We believe that when cultural organizations and local businesses work together, amazing things can happen, but too often, each sector operates independently, unaware of the incredible missed opportunities for creating connected communities right in front of them.
One element of our new Be Here: Main Street (#bHereMainSt) partnership with the Smithsonian’s Museum on Main Street program is to encourage GLAMS to reach across the proverbial isle, bringing together community museums and libraries with businesses, from restaurants to hardware stores and gift shops. Why would this be an imperative?
There’s something deeper than the obvious opportunity for potential sponsorship. Small businesses depend on positive word of mouth for sustainability. Small museums often rely on the knowledge of residents to direct people to their facilities. With that in mind, ponder this coffee shop scenario:
A tourist arrives for a bite to eat, has a nice meal, and asks the waitress what she should do in town. The waitress recommends the local museum. In fact, there is a brochure and postcard for the local museum at the cash register that she promptly returns to the tourist. The visitor then walks to the museum and, in turn, chats with museum staff about any local stores that might sell a speciality item. The visitor receives an impassioned endorsement about a local antique shop that might have her desired object.

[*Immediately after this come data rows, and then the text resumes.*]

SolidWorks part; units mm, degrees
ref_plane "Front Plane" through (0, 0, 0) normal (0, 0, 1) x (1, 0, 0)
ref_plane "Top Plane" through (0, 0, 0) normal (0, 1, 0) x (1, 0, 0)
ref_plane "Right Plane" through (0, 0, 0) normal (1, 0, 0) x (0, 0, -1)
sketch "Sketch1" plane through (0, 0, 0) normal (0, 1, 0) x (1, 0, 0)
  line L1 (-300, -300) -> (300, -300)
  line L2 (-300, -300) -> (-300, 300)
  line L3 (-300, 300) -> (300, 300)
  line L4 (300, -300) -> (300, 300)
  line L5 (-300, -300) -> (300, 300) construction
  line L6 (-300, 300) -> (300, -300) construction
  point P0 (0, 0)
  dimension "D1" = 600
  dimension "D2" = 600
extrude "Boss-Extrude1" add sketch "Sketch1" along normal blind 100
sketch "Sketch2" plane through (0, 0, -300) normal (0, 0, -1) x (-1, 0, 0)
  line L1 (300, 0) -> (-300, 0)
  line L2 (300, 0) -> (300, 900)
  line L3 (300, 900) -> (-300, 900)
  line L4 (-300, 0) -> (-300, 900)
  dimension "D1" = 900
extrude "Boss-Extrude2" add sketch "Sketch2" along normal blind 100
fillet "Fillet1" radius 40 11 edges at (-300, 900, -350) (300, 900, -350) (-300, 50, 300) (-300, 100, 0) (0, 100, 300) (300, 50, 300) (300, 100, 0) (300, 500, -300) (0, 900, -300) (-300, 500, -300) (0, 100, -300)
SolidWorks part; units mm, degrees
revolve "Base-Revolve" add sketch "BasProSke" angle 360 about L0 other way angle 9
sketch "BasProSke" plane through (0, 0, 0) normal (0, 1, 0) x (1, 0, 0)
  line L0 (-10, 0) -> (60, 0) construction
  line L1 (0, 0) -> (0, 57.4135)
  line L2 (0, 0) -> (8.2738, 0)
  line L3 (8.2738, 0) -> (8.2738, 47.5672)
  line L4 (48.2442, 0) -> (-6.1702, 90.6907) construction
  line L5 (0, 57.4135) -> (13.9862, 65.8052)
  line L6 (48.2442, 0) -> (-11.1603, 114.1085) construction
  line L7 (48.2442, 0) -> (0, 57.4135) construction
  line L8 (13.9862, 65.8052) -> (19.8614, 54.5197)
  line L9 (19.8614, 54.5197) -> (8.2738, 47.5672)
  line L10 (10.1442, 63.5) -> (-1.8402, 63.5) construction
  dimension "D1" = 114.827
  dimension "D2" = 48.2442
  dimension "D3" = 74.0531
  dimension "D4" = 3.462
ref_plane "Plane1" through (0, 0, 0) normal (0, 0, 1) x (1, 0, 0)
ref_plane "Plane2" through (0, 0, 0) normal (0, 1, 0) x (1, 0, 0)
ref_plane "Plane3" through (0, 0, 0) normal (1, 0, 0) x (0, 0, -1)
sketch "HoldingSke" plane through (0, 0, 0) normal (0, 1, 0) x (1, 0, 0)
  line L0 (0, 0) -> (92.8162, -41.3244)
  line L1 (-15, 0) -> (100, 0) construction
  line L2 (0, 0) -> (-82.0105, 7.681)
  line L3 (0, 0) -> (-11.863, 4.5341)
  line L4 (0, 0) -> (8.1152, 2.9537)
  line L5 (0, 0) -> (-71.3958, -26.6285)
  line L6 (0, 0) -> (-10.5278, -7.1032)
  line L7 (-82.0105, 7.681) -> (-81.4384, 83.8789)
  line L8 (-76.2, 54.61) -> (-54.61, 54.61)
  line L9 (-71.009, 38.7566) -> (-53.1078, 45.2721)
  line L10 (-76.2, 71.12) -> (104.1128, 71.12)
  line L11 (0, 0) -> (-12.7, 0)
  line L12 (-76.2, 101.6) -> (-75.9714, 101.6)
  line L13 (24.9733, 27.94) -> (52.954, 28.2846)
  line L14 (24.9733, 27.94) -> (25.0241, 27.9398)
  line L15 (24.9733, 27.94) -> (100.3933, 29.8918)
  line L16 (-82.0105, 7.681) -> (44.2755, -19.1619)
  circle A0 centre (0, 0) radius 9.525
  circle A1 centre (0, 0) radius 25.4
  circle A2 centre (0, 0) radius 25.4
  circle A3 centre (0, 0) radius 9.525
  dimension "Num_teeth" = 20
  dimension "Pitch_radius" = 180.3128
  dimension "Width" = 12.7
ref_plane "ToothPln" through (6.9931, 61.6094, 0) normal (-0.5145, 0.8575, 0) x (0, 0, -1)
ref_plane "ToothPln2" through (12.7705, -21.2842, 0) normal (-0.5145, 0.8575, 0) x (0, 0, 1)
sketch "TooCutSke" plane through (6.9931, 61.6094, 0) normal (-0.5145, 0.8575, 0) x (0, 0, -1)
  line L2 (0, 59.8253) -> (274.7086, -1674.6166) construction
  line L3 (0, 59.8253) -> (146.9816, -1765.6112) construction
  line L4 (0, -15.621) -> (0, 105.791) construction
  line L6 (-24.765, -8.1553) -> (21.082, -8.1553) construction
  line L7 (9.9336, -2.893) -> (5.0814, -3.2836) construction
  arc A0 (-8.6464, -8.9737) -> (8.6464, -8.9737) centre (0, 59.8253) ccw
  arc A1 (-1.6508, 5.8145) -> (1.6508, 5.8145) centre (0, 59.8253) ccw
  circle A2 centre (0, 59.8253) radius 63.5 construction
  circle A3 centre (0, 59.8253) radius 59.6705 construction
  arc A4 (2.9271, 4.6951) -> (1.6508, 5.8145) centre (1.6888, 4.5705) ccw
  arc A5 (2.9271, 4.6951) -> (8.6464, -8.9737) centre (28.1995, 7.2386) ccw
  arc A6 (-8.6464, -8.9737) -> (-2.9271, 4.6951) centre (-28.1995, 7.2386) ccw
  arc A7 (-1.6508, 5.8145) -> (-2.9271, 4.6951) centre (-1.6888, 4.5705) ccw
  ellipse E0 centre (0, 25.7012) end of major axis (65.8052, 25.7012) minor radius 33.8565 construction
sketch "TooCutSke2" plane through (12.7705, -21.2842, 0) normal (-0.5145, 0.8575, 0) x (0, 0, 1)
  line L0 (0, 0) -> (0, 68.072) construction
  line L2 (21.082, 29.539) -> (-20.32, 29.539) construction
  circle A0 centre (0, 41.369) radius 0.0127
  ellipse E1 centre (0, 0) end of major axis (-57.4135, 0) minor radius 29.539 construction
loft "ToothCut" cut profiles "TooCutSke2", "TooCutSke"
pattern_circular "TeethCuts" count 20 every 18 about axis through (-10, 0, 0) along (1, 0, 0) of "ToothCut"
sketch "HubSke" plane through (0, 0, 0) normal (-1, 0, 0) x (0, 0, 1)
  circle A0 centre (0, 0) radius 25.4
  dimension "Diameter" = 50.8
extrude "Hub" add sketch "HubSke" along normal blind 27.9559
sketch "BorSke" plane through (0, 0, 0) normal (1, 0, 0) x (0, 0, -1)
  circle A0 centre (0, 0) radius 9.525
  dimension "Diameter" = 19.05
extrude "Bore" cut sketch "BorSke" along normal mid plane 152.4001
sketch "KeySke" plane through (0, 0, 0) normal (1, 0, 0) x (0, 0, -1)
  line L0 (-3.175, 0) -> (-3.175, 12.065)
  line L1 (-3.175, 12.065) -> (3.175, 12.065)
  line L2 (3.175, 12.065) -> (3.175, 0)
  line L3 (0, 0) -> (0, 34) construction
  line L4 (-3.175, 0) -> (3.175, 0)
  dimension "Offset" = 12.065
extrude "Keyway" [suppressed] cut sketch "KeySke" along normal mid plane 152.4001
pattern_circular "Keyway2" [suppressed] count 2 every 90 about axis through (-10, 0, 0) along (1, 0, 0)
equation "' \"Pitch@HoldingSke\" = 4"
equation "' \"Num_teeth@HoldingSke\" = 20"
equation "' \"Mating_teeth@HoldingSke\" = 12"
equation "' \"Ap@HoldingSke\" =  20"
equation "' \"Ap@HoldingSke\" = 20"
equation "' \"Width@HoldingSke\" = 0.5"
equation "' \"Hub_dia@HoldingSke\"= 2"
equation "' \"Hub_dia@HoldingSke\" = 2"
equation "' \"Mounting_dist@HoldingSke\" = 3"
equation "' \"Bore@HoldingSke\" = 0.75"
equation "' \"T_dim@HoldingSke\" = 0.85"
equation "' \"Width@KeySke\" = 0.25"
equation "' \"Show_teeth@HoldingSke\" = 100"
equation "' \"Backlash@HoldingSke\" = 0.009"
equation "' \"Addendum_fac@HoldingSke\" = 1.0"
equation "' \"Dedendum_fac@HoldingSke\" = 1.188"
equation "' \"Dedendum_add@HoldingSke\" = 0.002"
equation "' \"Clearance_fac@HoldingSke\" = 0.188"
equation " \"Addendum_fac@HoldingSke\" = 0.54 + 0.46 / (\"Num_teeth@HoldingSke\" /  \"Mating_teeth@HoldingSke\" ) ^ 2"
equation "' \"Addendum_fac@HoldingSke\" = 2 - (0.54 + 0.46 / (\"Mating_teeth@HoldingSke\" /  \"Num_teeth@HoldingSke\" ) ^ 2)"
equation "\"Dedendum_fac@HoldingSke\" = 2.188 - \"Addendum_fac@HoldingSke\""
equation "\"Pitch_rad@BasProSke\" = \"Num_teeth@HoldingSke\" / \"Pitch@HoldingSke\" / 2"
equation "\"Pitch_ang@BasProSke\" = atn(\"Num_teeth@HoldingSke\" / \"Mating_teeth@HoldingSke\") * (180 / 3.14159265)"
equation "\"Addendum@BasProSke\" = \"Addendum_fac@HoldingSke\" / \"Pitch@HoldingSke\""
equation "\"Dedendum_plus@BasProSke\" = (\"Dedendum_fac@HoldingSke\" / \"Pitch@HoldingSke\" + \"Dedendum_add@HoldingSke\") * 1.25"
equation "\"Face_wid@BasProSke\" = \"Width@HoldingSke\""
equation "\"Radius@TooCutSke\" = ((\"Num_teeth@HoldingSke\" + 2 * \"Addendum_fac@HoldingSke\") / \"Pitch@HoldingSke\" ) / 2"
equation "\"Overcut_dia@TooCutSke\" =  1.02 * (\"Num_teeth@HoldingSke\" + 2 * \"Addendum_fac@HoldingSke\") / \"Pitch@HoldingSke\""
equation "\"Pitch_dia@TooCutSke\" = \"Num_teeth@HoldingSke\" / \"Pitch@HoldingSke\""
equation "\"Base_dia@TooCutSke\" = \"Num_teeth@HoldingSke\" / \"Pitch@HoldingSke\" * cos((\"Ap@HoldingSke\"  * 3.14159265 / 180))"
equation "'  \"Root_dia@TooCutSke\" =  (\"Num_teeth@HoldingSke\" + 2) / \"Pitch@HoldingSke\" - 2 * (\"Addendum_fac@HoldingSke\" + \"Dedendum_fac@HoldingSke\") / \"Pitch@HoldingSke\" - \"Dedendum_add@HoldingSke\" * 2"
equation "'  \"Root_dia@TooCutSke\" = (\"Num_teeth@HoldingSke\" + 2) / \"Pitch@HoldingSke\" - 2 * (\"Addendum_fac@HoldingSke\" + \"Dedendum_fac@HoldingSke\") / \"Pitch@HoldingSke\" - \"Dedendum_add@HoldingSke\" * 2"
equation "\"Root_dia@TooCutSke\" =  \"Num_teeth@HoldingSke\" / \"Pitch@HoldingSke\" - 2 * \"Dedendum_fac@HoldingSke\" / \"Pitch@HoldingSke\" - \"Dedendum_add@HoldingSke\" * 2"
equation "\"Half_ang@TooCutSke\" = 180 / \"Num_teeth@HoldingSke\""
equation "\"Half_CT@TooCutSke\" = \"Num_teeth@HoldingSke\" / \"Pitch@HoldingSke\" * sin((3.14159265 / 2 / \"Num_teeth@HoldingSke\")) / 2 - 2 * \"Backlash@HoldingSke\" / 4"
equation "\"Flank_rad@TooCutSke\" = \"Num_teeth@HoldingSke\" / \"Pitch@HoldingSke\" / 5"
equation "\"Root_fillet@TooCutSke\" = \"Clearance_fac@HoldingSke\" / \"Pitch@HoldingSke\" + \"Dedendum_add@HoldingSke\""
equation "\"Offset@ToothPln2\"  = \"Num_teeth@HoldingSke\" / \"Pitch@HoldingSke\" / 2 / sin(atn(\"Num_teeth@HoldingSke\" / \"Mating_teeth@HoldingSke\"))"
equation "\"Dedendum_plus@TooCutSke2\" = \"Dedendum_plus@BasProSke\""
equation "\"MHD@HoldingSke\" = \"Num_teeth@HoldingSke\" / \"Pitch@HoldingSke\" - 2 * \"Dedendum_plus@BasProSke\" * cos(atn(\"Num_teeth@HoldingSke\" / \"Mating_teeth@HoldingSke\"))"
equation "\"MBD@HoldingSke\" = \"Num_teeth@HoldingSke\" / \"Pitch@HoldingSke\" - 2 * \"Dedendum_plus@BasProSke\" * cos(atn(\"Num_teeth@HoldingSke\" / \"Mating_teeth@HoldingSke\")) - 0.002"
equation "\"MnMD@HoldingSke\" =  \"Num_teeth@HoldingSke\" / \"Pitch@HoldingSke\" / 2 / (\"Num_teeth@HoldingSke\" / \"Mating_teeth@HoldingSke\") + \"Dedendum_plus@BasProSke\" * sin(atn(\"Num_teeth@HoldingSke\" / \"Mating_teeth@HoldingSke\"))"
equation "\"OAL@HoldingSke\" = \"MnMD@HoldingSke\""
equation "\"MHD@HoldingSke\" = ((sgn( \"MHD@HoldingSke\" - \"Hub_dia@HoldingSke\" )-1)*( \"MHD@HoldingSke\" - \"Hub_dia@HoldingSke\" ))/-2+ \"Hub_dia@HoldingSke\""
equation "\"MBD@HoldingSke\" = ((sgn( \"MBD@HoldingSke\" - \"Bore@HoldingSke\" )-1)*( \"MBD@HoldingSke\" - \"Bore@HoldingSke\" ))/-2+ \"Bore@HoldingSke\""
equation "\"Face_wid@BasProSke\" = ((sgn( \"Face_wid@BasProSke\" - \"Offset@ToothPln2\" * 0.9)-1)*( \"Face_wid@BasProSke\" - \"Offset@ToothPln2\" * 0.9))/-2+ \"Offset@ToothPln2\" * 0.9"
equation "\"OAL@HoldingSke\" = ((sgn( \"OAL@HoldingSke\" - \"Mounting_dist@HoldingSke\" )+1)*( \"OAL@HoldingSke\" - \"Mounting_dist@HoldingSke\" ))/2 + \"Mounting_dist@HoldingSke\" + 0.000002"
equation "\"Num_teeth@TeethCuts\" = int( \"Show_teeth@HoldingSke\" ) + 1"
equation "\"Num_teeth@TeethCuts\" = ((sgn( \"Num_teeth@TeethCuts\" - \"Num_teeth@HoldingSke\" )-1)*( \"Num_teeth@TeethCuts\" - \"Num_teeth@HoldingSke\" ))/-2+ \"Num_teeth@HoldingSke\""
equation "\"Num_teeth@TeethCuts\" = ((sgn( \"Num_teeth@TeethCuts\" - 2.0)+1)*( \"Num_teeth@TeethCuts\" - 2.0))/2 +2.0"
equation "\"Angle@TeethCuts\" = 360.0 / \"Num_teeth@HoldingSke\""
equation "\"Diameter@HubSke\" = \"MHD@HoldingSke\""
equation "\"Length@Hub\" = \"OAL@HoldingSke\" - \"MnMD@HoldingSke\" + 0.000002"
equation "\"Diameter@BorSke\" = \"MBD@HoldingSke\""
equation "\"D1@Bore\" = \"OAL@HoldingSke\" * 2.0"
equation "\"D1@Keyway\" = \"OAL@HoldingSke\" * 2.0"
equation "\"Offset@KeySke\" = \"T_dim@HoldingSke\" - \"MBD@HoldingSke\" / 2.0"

This scenario plays out organically on main streets and towns across the world, but more often than not, it’s a random series of one-off conversations. What if that collaboration between cultural organizations and local businesses was well crafted? What if the museum offered a coupon for lunch at restaurant A, and restaurant A offered a 10% discount for the museum’s gift shop? What if the same restaurant offered lunchtime lectures from staffers at the museum? What if both the restaurant and the museum were included on a tour of the town? What if, now this is REALLY crazy, the museum actually featured some of the stories of the local business owners? Or, even crazier, if the restaurant’s menu was inspired by the collections at the local museum. We could go on and on . . .
These are all things we’d like to see transpire through the Be Here: Main Street project. But, there has to be a first step, and that initial step is just to make conversations happen. Here are a couple of tips for getting businesses involved with your community project, provided by Julie Heath, Director of Strategy & Partnerships at Conservation Center for Art and Historic Artifacts.
In order to approach businesses in your community, know the local business landscape:
- Identify the top 20 employers in your town. These are the businesses that rely on your community as a source of talent, for services for their employees, for word-of-mouth reputation, and for civic buy-in regarding their presence and growth. They likely want to be seen as part of their community.
- Make a two-column list: One column “B2B” and one column “B2C.” Sort each employer into the appropriate column by asking, “does this company sell its product or service to other companies or to individual people?” If a company sells to companies, its business model is called B2B (business to business). If it sells to individuals, it’s called B2C. It’s important to understand that an employer may have different relationships with its community based on its business model. Your job as a community partner or sponsored prospect/recipient is to determine what type of relationship(s) that company wants to have with its community.
Good to keep in mind:
- B2B businesses’ products and services are sometimes less obvious to the community member than B2C products and services.
- B2B businesses sometimes have higher profit margins than B2C businesses.
- These two factors together can make B2B businesses better sponsorship prospects, provided you can figure out who you should speak with at the company.